India’s Performative Allyship




Seeing someone be a woke social-justice warrior is not uncommon; everyone aspires to be an activist. “Wokeness” dug its roots in the modern-day pop culture, establishing as an adjective that puts everyone under a good light.


With all of India showing up for #BlackLivesMatter, questioning state-sponsored violence and asking for defunding of the police, the performative nature of wokeness is evidently seen. Let me tell you, we need to be aware of the complex structures that lead to societal oppression. But, to choose what injustice to stay silent to is not only a privilege but also a damaging move.


Why didn’t “I can’t breathe” not remind us of the migrant workers who were killed by the apathy of the Government? Why did we not think of the students, activists and protesters who were abused during the Delhi Pogrom? Why are we turning a blind eye to the injustices in Kashmir? Why didn’t we recall the death of several manual scavengers? How are we not thinking about Devika, the Dalit woman who had to kill herself due to the lack of access to educational facilities? Where are our voices when citizens continue to remain political prisoners under various draconian laws?

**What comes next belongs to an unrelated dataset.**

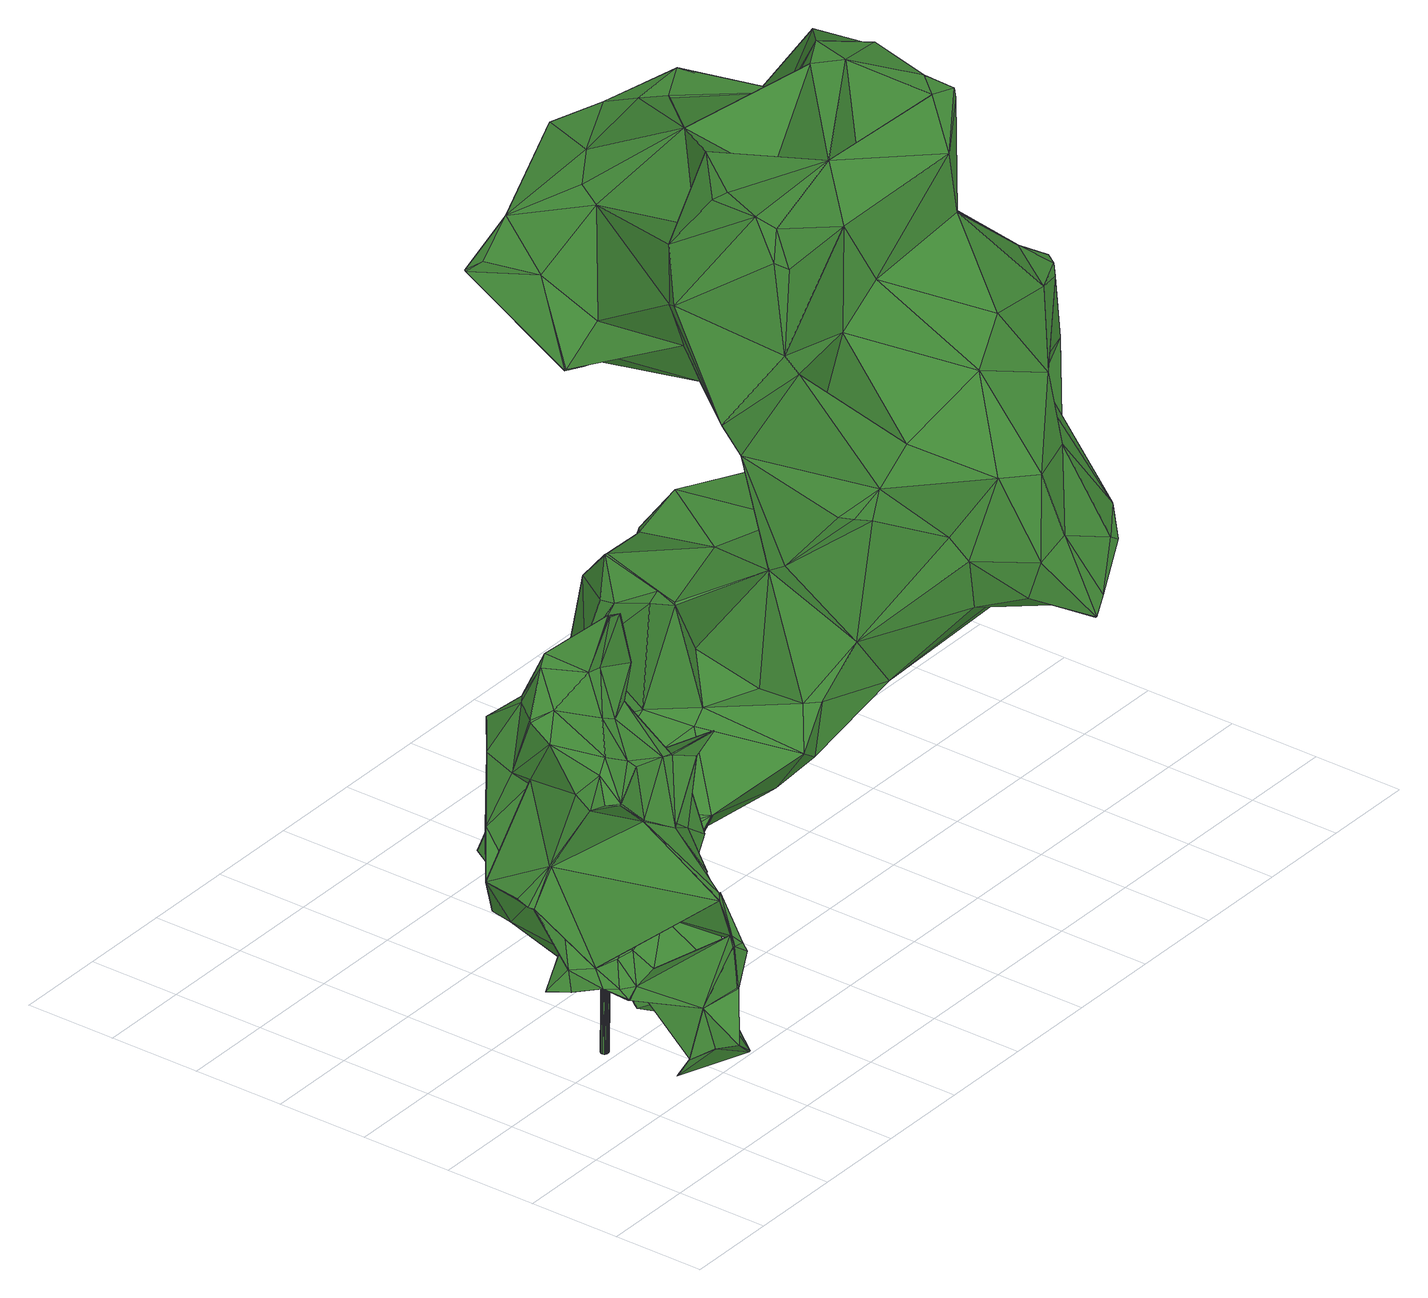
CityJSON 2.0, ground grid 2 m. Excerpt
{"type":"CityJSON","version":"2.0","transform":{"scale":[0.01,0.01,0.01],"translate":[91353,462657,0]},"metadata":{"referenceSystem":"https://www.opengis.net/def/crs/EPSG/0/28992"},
"CityObjects":{
"tree1":{"type":"SolitaryVegetationObject","attributes":{"gtid":55,"crown_width_m":5.28,"crown_median_z":4.55,"trunk_H_m":4,"trunk_DBH_m":0.164,"trunk_radius_m":0.0822,"trunk_base_height_m":0.55,"original_gtid":"56"},"geometry":[{"type":"Solid","lod":"3","boundaries":[[[[0,1,2]],[[3,4,5]],[[6,3,5]],[[7,8,9]],[[7,9,10]],[[11,12,13]],[[14,15,16]],[[17,18,19]],[[20,21,0]],[[22,3,6]],[[23,24,25]],[[26,27,28]],[[29,30,31]],[[32,31,30]],[[33,34,22]],[[35,36,37]],[[38,39,6]],[[6,39,22]],[[40,17,19]],[[0,5,4]],[[22,34,3]],[[41,42,43]],[[44,45,46]],[[47,48,49]],[[47,50,48]],[[51,52,53]],[[54,47,55]],[[56,57,15]],[[58,59,60]],[[30,29,61]],[[59,62,63]],[[64,65,66]],[[28,27,67]],[[8,7,68]],[[69,70,71]],[[71,70,19]],[[28,67,35]],[[72,73,61]],[[29,31,72]],[[74,75,76]],[[40,65,56]],[[37,36,31]],[[10,77,7]],[[78,43,79]],[[80,79,43]],[[30,61,81]],[[82,83,84]],[[82,84,85]],[[83,86,87]],[[88,89,59]],[[90,91,92]],[[90,86,91]],[[66,93,94]],[[94,93,95]],[[85,96,97]],[[90,98,86]],[[98,99,100]],[[90,99,98]],[[101,11,27]],[[102,103,104]],[[31,32,37]],[[105,106,107]],[[108,17,24]],[[32,109,110]],[[30,109,32]],[[36,111,31]],[[10,12,11]],[[10,11,77]],[[112,113,63]],[[112,63,62]],[[114,115,116]],[[37,32,117]],[[118,112,62]],[[119,120,121]],[[27,11,13]],[[122,100,115]],[[11,123,77]],[[124,125,126]],[[127,125,124]],[[128,104,57]],[[129,77,123]],[[67,27,13]],[[93,127,47]],[[24,23,108]],[[130,26,28]],[[33,51,21]],[[131,132,65]],[[26,130,133]],[[110,96,32]],[[117,32,96]],[[85,117,96]],[[72,31,111]],[[19,134,40]],[[110,109,80]],[[38,135,136]],[[137,113,76]],[[137,76,75]],[[48,50,112]],[[54,76,138]],[[54,138,47]],[[66,65,93]],[[120,123,101]],[[139,128,56]],[[15,14,56]],[[140,141,68]],[[92,142,90]],[[8,68,141]],[[115,143,116]],[[124,54,127]],[[144,132,131]],[[103,145,146]],[[139,147,148]],[[120,58,121]],[[75,149,150]],[[120,59,58]],[[68,7,151]],[[14,40,56]],[[48,112,38]],[[127,93,125]],[[74,76,152]],[[153,70,154]],[[155,156,157]],[[108,158,156]],[[124,157,159]],[[160,161,162]],[[52,163,53]],[[105,164,165]],[[166,83,41]],[[167,168,169]],[[101,59,120]],[[152,76,54]],[[86,170,91]],[[126,40,134]],[[112,50,113]],[[171,151,7]],[[23,145,103]],[[156,172,157]],[[16,15,40]],[[16,40,173]],[[174,115,168]],[[64,66,94]],[[95,64,94]],[[175,176,99]],[[177,178,179]],[[91,180,92]],[[119,181,120]],[[84,182,85]],[[129,120,181]],[[119,183,181]],[[101,44,59]],[[184,33,22]],[[68,151,102]],[[25,146,145]],[[35,67,12]],[[36,81,73]],[[154,134,153]],[[19,153,134]],[[102,151,129]],[[181,102,129]],[[129,151,171]],[[69,108,156]],[[171,7,77]],[[185,141,186]],[[81,185,30]],[[185,9,141]],[[9,8,141]],[[73,81,61]],[[72,61,29]],[[187,188,183]],[[56,179,189]],[[65,179,56]],[[190,191,192]],[[193,173,14]],[[112,190,38]],[[88,133,98]],[[26,133,88]],[[102,104,140]],[[102,140,68]],[[194,60,59]],[[194,59,63]],[[148,53,163]],[[183,195,196]],[[14,187,193]],[[193,187,196]],[[197,101,27]],[[198,184,174]],[[174,184,199]],[[28,200,130]],[[117,200,37]],[[98,100,88]],[[47,113,50]],[[154,105,107]],[[154,107,126]],[[45,101,201]],[[152,202,159]],[[47,49,64]],[[42,82,203]],[[110,42,203]],[[79,204,162]],[[184,51,33]],[[83,82,41]],[[204,205,186]],[[192,118,142]],[[98,133,182]],[[130,182,133]],[[203,97,96]],[[203,82,97]],[[114,206,207]],[[6,135,38]],[[4,20,0]],[[103,146,104]],[[126,125,40]],[[110,203,96]],[[35,200,28]],[[35,37,200]],[[171,77,129]],[[208,74,152]],[[208,152,159]],[[33,20,34]],[[19,70,153]],[[45,44,101]],[[25,145,23]],[[209,2,210]],[[88,122,89]],[[84,87,98]],[[83,87,84]],[[15,211,40]],[[124,155,157]],[[82,85,97]],[[56,147,139]],[[189,147,56]],[[140,139,148]],[[197,27,212]],[[184,198,51]],[[136,135,5]],[[143,213,170]],[[173,172,16]],[[173,193,172]],[[65,125,93]],[[40,211,17]],[[17,211,24]],[[214,186,205]],[[183,188,181]],[[35,12,36]],[[192,142,92]],[[5,135,6]],[[14,188,187]],[[64,95,47]],[[4,3,20]],[[3,34,20]],[[95,93,47]],[[16,188,14]],[[139,140,128]],[[148,147,53]],[[189,53,147]],[[181,188,102]],[[103,102,188]],[[192,92,180]],[[109,30,214]],[[160,204,215]],[[121,58,60]],[[216,217,143]],[[213,143,217]],[[63,113,137]],[[136,5,209]],[[159,157,218]],[[141,215,204]],[[48,209,210]],[[49,48,210]],[[51,53,144]],[[109,214,205]],[[104,15,57]],[[49,210,64]],[[80,43,42]],[[166,167,83]],[[129,123,120]],[[11,101,123]],[[40,14,173]],[[146,15,104]],[[25,15,146]],[[219,78,220]],[[15,25,211]],[[24,211,25]],[[36,221,81]],[[164,222,165]],[[59,89,62]],[[172,223,218]],[[104,128,140]],[[200,117,224]],[[114,225,90]],[[180,213,226]],[[226,192,180]],[[180,91,213]],[[170,86,227]],[[214,30,186]],[[52,51,220]],[[162,228,79]],[[161,228,162]],[[229,183,119]],[[60,230,121]],[[179,132,177]],[[148,228,161]],[[163,228,148]],[[164,69,222]],[[193,195,172]],[[193,196,195]],[[152,54,202]],[[55,127,54]],[[54,124,202]],[[39,38,217]],[[39,217,216]],[[202,124,159]],[[84,98,182]],[[205,204,79]],[[128,57,56]],[[118,89,206]],[[62,89,118]],[[206,89,207]],[[231,232,89]],[[231,89,122]],[[207,89,232]],[[213,217,226]],[[118,192,191]],[[118,191,112]],[[88,212,26]],[[27,26,212]],[[52,233,163]],[[64,210,65]],[[131,65,210]],[[218,157,172]],[[98,87,86]],[[142,118,206]],[[187,183,196]],[[144,189,179]],[[65,132,179]],[[144,53,189]],[[220,233,52]],[[12,10,221]],[[12,221,36]],[[208,223,183]],[[210,2,131]],[[131,2,1]],[[209,5,2]],[[140,234,161]],[[148,161,234]],[[148,234,140]],[[69,164,70]],[[154,126,134]],[[108,23,158]],[[40,125,65]],[[55,47,127]],[[20,33,21]],[[228,163,233]],[[190,226,217]],[[190,217,38]],[[144,177,132]],[[219,166,78]],[[167,166,219]],[[233,79,228]],[[233,78,79]],[[16,235,23]],[[16,23,103]],[[188,16,103]],[[156,235,16]],[[172,156,16]],[[48,136,209]],[[38,136,48]],[[236,137,150]],[[150,137,75]],[[192,226,190]],[[91,170,213]],[[169,168,115]],[[208,183,236]],[[219,168,167]],[[219,237,168]],[[162,204,160]],[[185,186,30]],[[229,119,236]],[[229,236,183]],[[51,1,21]],[[51,144,1]],[[131,1,144]],[[184,216,199]],[[174,199,216]],[[184,22,216]],[[21,1,0]],[[0,2,5]],[[216,143,174]],[[174,143,115]],[[216,22,39]],[[88,100,122]],[[166,41,43]],[[166,43,78]],[[177,144,178]],[[170,227,143]],[[90,225,99]],[[114,116,225]],[[86,175,225]],[[86,225,227]],[[198,238,51]],[[51,238,220]],[[220,78,233]],[[219,220,238]],[[219,238,198]],[[174,168,237]],[[137,230,194]],[[175,86,169]],[[176,169,115]],[[175,169,176]],[[83,169,86]],[[167,169,83]],[[194,230,60]],[[110,80,42]],[[115,207,122]],[[207,232,122]],[[115,114,207]],[[121,230,119]],[[142,206,114]],[[90,142,114]],[[106,105,165]],[[73,111,36]],[[42,41,82]],[[12,67,13]],[[72,111,73]],[[179,178,144]],[[205,79,80]],[[205,80,109]],[[140,215,141]],[[160,215,161]],[[140,161,215]],[[81,221,185]],[[9,185,221]],[[9,221,10]],[[76,113,138]],[[197,212,44]],[[44,46,197]],[[141,204,186]],[[190,112,191]],[[74,149,75]],[[236,150,149]],[[236,149,208]],[[208,149,74]],[[218,208,159]],[[124,239,155]],[[126,239,124]],[[155,239,156]],[[156,239,165]],[[165,222,156]],[[235,156,158]],[[235,158,23]],[[137,194,63]],[[100,99,115]],[[99,176,115]],[[198,237,219]],[[174,237,198]],[[59,44,212]],[[59,212,88]],[[182,224,85]],[[85,224,117]],[[130,224,182]],[[200,224,130]],[[47,138,113]],[[197,201,101]],[[116,143,227]],[[231,122,232]],[[236,119,230]],[[236,230,137]],[[175,99,225]],[[116,227,225]],[[46,201,197]],[[45,201,46]],[[156,222,69]],[[70,164,105]],[[70,105,154]],[[126,107,239]],[[165,239,107]],[[165,107,106]],[[19,18,71]],[[108,18,17]],[[108,69,18]],[[71,18,69]],[[208,218,223]],[[223,172,195]],[[223,195,183]],[[240,241,242]],[[240,242,243]],[[243,242,244]],[[243,244,245]],[[242,241,246]],[[242,246,244]],[[244,246,247]],[[244,247,245]],[[246,241,248]],[[246,248,247]],[[247,248,249]],[[247,249,245]],[[248,241,250]],[[248,250,249]],[[249,250,251]],[[249,251,245]],[[250,241,252]],[[250,252,251]],[[251,252,253]],[[251,253,245]],[[252,241,254]],[[252,254,253]],[[253,254,255]],[[253,255,245]],[[254,241,256]],[[254,256,255]],[[255,256,257]],[[255,257,245]],[[256,241,258]],[[256,258,257]],[[257,258,259]],[[257,259,245]],[[258,241,260]],[[258,260,259]],[[259,260,261]],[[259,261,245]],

India reeks of this hypocrisy where police brutality in America is questioned but these citizens remain silent spectators to the brutality in India. Why do we not think of the marginalized communities that can’t breathe in the unquestioned injustices against them?


It isn’t wrong to voice out opinions in support of issues that other societies face. There was outpouring support for Sudan, Hong Kong and Palestine. But, what stops us from resisting the injustices the oppressed face in India?


Allyship is difficult. An ally has to constantly understand, empathize and remain angry against injustices. There is a lot of learning and unlearning that goes into it. Those who are privileged in the society should do the labour of being a part of the struggle of the vulnerable. Those with power can challenge the structures that put them in a position of power.


Instead of the performative resistance, we need to collectively work to dismantle the systematic power and control in all societies.